Exercise aim =>
Search the records for lines with the word "Goupille" and copy each match.

Extracted data entries =>
--*--

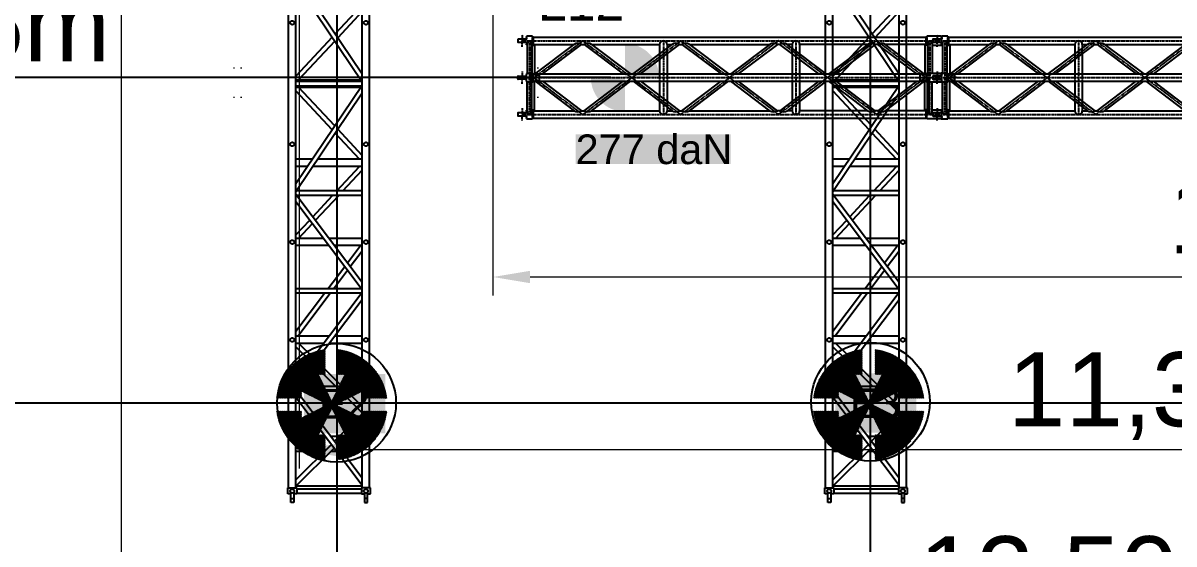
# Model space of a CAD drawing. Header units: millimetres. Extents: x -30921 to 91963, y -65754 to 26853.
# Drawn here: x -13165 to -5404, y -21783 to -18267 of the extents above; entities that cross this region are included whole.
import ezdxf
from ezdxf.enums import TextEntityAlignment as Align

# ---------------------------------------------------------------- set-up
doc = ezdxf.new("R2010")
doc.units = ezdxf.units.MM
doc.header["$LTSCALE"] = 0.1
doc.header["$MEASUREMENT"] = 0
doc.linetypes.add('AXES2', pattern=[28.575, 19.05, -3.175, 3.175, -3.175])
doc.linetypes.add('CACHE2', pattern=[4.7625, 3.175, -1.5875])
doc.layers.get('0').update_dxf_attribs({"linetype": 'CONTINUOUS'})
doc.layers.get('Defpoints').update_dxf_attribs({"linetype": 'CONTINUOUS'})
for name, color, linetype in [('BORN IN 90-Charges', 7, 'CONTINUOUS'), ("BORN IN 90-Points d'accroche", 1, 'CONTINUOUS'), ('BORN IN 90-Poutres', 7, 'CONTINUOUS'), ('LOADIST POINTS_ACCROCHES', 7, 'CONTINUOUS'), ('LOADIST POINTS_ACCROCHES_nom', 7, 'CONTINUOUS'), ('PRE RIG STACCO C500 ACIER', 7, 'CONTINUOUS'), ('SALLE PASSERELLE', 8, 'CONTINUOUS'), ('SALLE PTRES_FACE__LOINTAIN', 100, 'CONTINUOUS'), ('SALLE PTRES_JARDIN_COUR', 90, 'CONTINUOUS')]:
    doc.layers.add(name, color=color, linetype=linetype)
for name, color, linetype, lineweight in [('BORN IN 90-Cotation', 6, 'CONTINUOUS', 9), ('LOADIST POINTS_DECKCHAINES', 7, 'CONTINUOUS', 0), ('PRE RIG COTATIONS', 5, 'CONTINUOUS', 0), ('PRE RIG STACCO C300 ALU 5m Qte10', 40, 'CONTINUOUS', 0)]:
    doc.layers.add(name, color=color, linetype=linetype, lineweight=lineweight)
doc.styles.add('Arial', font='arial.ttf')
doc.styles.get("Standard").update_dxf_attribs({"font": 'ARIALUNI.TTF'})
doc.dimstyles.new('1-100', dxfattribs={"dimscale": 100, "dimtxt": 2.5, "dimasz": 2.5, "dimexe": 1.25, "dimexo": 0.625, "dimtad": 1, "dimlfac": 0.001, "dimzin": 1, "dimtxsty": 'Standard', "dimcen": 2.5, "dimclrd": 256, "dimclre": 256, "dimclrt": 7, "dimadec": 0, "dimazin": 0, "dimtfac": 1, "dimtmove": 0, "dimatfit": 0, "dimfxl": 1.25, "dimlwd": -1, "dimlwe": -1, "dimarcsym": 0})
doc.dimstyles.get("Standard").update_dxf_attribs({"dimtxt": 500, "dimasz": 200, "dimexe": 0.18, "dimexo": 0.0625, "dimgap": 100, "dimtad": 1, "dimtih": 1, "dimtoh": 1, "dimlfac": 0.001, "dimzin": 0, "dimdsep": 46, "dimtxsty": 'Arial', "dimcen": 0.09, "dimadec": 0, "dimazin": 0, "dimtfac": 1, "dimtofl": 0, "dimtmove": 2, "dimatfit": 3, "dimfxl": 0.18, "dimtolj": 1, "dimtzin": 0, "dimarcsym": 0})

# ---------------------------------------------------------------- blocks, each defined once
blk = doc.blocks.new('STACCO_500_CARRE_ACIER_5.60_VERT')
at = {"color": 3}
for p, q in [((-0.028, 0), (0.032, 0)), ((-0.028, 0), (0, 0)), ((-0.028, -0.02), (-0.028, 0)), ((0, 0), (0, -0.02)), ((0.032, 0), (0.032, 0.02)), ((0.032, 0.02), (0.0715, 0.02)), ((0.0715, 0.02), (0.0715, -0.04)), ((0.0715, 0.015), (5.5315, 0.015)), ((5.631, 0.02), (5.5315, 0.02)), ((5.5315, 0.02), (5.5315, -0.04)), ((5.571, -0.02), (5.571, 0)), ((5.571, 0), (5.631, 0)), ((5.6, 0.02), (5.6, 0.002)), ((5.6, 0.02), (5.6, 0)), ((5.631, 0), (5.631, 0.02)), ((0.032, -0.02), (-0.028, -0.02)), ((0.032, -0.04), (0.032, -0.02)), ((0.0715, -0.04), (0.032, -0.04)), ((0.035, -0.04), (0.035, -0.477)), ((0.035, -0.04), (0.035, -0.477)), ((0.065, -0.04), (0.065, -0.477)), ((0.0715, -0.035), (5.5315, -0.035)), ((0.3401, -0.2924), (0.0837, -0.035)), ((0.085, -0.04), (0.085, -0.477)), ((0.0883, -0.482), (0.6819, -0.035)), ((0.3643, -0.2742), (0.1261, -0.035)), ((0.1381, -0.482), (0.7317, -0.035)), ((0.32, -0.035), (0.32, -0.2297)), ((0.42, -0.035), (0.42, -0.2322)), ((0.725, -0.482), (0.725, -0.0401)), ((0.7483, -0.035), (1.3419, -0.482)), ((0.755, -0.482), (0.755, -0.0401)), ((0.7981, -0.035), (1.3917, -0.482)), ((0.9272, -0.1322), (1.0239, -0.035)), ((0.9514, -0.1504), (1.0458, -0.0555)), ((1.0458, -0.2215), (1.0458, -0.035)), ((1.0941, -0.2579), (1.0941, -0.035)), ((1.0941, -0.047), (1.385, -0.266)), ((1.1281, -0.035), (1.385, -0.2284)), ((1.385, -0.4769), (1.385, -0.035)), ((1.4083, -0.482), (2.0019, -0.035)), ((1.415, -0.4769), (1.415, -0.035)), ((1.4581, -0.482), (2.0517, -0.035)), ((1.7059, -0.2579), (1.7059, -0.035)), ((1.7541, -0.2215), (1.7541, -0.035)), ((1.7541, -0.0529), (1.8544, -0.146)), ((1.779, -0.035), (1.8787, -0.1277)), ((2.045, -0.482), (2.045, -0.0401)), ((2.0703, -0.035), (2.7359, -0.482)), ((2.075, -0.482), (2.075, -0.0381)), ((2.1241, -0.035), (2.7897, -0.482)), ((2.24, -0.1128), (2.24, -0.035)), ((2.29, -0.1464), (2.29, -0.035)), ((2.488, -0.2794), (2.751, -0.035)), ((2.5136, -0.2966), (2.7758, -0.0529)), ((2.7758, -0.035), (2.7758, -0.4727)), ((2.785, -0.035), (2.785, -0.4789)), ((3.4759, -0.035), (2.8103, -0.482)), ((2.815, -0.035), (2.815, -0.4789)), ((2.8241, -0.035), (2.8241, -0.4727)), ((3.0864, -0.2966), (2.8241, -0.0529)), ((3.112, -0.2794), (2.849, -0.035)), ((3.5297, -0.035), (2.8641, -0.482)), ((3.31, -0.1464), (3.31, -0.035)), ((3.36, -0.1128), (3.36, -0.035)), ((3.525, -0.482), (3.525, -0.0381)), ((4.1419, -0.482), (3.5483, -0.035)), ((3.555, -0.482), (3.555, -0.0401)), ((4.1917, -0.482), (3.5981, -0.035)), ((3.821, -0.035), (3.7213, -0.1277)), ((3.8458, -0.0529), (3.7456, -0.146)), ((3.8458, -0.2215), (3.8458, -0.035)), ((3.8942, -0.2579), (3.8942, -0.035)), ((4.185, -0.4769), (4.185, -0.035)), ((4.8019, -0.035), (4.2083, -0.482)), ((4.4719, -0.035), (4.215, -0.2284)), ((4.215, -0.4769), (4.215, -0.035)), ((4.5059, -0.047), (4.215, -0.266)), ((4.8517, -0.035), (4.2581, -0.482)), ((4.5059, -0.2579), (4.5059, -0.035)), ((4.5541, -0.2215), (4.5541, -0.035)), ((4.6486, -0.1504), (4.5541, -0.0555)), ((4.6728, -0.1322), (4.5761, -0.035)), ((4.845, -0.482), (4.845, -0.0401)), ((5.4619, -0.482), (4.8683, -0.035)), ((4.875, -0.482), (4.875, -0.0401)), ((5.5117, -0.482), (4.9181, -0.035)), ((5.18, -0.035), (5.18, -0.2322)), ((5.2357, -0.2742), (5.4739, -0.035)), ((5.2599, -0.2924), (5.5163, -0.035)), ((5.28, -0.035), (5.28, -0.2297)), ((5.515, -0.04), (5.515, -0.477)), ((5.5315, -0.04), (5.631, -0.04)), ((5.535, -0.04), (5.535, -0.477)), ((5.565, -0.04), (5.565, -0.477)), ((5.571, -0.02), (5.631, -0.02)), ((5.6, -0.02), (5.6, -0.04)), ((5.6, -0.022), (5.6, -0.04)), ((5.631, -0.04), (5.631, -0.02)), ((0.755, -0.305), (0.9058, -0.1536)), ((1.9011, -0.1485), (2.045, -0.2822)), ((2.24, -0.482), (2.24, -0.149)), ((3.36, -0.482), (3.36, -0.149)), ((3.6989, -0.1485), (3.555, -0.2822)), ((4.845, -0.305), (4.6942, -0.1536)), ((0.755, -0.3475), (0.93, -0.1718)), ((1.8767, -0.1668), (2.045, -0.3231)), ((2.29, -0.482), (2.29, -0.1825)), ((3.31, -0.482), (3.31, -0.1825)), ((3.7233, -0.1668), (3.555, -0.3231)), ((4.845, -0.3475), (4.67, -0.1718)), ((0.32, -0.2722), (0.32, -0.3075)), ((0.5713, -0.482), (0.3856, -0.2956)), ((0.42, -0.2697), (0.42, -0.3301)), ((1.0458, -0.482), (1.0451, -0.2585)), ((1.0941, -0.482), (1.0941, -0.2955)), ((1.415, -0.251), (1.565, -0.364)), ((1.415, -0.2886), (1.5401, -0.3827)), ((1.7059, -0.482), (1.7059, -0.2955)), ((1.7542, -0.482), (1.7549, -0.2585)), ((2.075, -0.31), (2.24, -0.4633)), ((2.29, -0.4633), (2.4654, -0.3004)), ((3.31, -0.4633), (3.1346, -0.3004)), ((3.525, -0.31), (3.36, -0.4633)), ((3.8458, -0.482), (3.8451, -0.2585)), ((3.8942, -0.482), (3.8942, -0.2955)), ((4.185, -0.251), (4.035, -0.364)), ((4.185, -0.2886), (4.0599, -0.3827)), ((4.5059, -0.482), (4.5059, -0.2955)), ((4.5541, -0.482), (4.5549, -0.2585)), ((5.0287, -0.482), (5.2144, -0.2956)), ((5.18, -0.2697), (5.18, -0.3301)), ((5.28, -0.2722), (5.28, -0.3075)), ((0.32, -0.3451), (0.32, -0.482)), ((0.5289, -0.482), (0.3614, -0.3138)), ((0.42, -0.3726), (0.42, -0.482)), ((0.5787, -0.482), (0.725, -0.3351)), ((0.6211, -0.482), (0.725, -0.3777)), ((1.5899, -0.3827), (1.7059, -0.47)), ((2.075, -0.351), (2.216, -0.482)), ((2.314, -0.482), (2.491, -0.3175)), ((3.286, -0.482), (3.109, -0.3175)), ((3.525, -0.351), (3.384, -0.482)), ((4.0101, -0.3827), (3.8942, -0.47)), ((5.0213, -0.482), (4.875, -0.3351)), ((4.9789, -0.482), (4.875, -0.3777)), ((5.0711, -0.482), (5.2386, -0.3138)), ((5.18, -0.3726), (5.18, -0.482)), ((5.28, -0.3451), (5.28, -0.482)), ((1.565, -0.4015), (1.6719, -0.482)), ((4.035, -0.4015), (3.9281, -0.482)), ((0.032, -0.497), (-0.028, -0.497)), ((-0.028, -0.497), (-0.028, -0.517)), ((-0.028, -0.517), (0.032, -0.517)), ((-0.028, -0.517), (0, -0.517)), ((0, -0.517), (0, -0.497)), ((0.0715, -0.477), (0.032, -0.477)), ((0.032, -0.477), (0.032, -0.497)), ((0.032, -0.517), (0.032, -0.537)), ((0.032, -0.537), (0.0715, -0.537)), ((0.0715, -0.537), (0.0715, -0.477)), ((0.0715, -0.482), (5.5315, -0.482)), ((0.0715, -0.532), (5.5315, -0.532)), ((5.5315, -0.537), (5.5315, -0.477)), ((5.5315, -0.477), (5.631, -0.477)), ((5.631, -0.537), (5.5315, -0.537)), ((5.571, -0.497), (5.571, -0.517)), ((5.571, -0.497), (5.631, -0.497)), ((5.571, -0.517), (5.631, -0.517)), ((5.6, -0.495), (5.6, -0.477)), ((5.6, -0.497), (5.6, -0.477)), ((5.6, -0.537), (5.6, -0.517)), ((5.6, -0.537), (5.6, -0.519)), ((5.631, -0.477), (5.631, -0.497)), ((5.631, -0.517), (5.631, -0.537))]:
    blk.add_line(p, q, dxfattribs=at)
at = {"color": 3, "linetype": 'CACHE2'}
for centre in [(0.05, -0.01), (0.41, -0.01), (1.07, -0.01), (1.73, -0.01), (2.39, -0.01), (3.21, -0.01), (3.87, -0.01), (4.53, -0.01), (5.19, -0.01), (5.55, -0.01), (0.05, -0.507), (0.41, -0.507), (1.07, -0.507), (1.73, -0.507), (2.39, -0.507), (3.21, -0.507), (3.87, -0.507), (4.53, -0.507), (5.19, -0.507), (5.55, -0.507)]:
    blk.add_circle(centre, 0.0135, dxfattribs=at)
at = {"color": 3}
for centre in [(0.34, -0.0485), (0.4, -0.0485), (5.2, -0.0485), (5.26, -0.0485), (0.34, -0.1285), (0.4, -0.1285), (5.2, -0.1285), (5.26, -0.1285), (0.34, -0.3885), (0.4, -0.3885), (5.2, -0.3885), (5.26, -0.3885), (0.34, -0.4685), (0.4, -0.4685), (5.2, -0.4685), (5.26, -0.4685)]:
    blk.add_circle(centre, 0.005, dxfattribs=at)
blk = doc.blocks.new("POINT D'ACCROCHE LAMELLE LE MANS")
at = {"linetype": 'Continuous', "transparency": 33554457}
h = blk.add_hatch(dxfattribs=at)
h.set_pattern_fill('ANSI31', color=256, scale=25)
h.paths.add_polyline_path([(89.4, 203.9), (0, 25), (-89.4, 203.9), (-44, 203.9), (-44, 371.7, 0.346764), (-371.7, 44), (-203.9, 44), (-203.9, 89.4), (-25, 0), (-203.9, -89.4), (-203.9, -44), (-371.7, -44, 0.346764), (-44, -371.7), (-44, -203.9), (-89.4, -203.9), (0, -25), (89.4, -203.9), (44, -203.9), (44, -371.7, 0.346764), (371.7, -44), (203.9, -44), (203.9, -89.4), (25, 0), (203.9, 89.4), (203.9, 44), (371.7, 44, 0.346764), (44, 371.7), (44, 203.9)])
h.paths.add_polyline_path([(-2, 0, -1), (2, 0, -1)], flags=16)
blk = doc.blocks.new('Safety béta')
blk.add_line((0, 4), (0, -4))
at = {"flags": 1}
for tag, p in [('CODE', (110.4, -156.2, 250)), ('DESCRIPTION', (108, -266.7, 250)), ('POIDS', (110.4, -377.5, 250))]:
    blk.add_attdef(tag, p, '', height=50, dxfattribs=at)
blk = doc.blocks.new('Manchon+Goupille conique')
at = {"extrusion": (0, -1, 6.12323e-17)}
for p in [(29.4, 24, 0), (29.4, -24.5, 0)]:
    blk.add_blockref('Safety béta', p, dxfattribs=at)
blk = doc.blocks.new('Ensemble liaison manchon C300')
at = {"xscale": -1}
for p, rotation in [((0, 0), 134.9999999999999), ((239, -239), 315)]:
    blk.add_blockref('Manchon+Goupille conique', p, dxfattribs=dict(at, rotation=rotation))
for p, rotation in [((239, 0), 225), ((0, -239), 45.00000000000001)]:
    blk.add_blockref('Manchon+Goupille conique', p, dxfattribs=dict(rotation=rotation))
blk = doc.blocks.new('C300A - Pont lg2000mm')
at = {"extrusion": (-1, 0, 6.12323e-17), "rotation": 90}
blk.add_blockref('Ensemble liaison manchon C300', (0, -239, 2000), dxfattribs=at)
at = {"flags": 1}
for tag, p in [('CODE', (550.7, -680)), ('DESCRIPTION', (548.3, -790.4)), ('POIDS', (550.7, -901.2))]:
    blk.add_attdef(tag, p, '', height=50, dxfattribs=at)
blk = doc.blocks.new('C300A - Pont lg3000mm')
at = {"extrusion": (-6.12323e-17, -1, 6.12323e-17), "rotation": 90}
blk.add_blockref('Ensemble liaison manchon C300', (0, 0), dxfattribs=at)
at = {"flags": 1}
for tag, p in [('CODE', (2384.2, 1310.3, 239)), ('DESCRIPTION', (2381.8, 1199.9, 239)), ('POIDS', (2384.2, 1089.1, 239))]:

--*--

Response =>
blk = doc.blocks.new('Manchon+Goupille conique')
    blk.add_blockref('Manchon+Goupille conique', p, dxfattribs=dict(at, rotation=rotation))
    blk.add_blockref('Manchon+Goupille conique', p, dxfattribs=dict(rotation=rotation))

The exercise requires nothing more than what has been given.